Hey guys, my name's Andrew, 22 year old Scot living in England - training to be a doc.
Saw BBM for trhe first time tonight, my flatmate rented it out from the store across the road. I have to admit, I'd been avoiding it for quite some time - partly coz I didn't want to be disappointed and partly because a few of my friends warned me that (knowing me and my feelings on all things LGBT) it would knock me for 6.
They were right.
I can't believe just how much this film moved me. By the end, apart from being very upset, I was shaking. I don't think I can really do my feelings about it justice with merely my words.
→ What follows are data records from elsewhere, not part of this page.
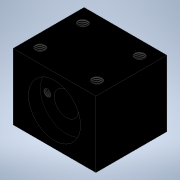
# Autodesk Inventor part: AoVitmeT8
Saved by Autodesk Inventor 2020 (Build 240168000, 168)
## iProperties
Created: 2020-03-25
Part Number: AoVitmeT8
Material: Generic
Document SubType Name: Modeling
Designer: Personal Computer
Density: 1 g/cm^3
Appearance: Anodized - Black
Author: Personal Computer
Autodesk Inventor part; units mm, degrees
ref_plane "YZ Plane" through (0, 0, 0) normal (1, 0, 0) x (0, 1, 0)
ref_plane "XZ Plane" through (0, 0, 0) normal (0, 1, 0) x (-1, 0, 0)
ref_plane "XY Plane" through (0, 0, 0) normal (0, 0, 1) x (1, 0, 0)
sketch "Sketch1" plane through (0, 0, 0) normal (0, 0, 1) x (1, 0, 0)
  line L0 (0, 0) -> (17.5, 0)
  line L1 (17.5, 0) -> (17.5, 28)
  line L2 (17.5, 28) -> (-17.5, 28)
  line L3 (-17.5, 28) -> (-17.5, 0)
  line L4 (-17.5, 0) -> (17.5, 0)
  dimension "d0" = 17.5
  dimension "d1" = 28
  dimension "d2" = 35
  constraints: 10 end point, 4 perpendicular, 1 horizontal, 1 point on line
  measures "d0" distance of L0.start L0.end
  measures "d1" distance of L0.end L1.end
  measures "d2" distance of L1.end L2.end
extrude "Extrusion1" add sketch "Sketch1" along normal blind 30
sketch "Sketch2" plane through (0, 0, 30) normal (0, 0, 1) x (1, 0, 0)
  circle A0 centre (0, 14) radius 5.1
  line L0 (17.5, 28) -> (-17.5, 28) projected
  line L1 (-17.5, 28) -> (-17.5, 0) projected
  point P0 (0, 0)
  dimension "d5" = 10.2
  dimension "d6" = 14
  dimension "d85" = 17.5
  constraints: 1 centre point
  measures "d5" diameter of A0
  measures "d6" distance from line of A0.centre L0
  measures "d85" distance from line of L1 A0.centre
extrude "Extrusion2" cut sketch "Sketch2" against normal blind 30
sketch "Sketch4" plane through (-17.5, 28, 0) normal (0, 1, 0) x (1, 0, 0)
  line L0 (0, -30) -> (35, -30) projected
  line L1 (17.5, -30) -> (17.5, 3.7121)
  line L2 (0, 0) -> (0, -30) projected
  circle A0 centre (29.5, -6) radius 2
  circle A1 centre (5.5, -6) radius 2
  line L3 (34, -15) -> (-3.2563, -15)
  line L4 (35, 0) -> (0, 0) projected
  circle A2 centre (29.5, -24) radius 2
  circle A3 centre (5.5, -24) radius 2
  line L5 (35, 0) -> (35, -30) projected
  dimension "d37" = 17.5
  dimension "d38" = 4
  dimension "d39" = 4
  dimension "d42" = 15
  dimension "d43" = 4
  dimension "d44" = 4
  dimension "d61" = 6
  dimension "d62" = 6
  dimension "d63" = 6
  dimension "d64" = 6
  dimension "d86" = 12
  dimension "d87" = 12
  dimension "d88" = 12
  dimension "d89" = 12
  constraints: 4 centre point, 4 end point, 1 horizontal, 1 midpoint, 1 perpendicular
  measures "d37" distance between parallel lines of L2 L1
  measures "d38" diameter of A0
  measures "d39" diameter of A1
  measures "d42" distance between parallel lines of L4 L3
  measures "d43" diameter of A2
  measures "d44" diameter of A3
  measures "d61" distance from line of L4 A0.centre
  measures "d62" distance from line of A1.centre L4
  measures "d63" distance from line of L0 A3.centre
  measures "d64" distance from line of L0 A2.centre
  measures "d86" distance from line of A1.centre L1
  measures "d87" distance from line of A3.centre L1
  measures "d88" distance from line of L1 A0.centre
  measures "d89" distance from line of L1 A2.centre
extrude "Extrusion4" cut sketch "Sketch4" against normal blind 10 contours A0 | A1 | A2 | A3
thread "Thread7" size "M4x0.7" class "6H" standard "ANSI Metric M Profile" length 10
thread "Thread8" size "M4x0.7" class "6H" standard "ANSI Metric M Profile" full length
thread "Thread9" size "M4x0.7" class "6H" standard "ANSI Metric M Profile" length 10
thread "Thread10" size "M4x0.7" class "6H" standard "ANSI Metric M Profile" length 10
sketch "Sketch7" plane through (0, 0, 30) normal (0, 0, 1) x (1, 0, 0)
  circle A0 centre (0, 14) radius 5.1 projected
  circle A1 centre (0, 14) radius 11
  point P0 (0, 0)
  dimension "d72" = 22
  constraints: 1 centre point, 1 coincident
  measures "d72" diameter of A1
extrude "Extrusion5" cut sketch "Sketch7" against normal blind 5
sketch "Sketch9" plane through (0, 14, 25) normal (0, 0, 1) x (1, 0, 0)
  circle A0 centre (-8, 0) radius 1.5
  circle A1 centre (8, 0) radius 1.5
  point P0 (0, -14)
  dimension "d76" = 3
  dimension "d78" = 3
  constraints: 2 centre point
  measures "d76" diameter of A0
  measures "d78" diameter of A1
extrude "Extrusion6" cut sketch "Sketch9" against normal blind 10
thread "Thread11" size "M3x0.5" class "6H" standard "ANSI Metric M Profile" length 10
thread "Thread12" size "M3x0.5" class "6H" standard "ANSI Metric M Profile" length 10
body "Solid1"

Such a beautiful portrayal, I think every critic has noted the astounding cinematography used throughout. Until tonight, bizarrely, I realised that no film has ever touched me in this way because it's been the first film I have truly been able to relate to. Love stories between a man and a woman I can understand & empathise with, but in the same gesture that most straight people I know freely admit to knowing they couldn't fully understand (since they are also too young to grasp the gravity of lifelong regrets) the whole message, I could never draw a true personal comparison. My own sexuality is a powerful force upon my life, which I embracer as I must feel strongly about it./think about it so much for a reason.
The fact that this story probably has, in some way, shape or form, been happening to men around the world for ages is an additional twist in the sadness it provokes. Not only men, but all forms of "forbidden" loves: mixed-race, mixed-class etc.
I know this will have a profound effect on my life, I'm so glad I saw it.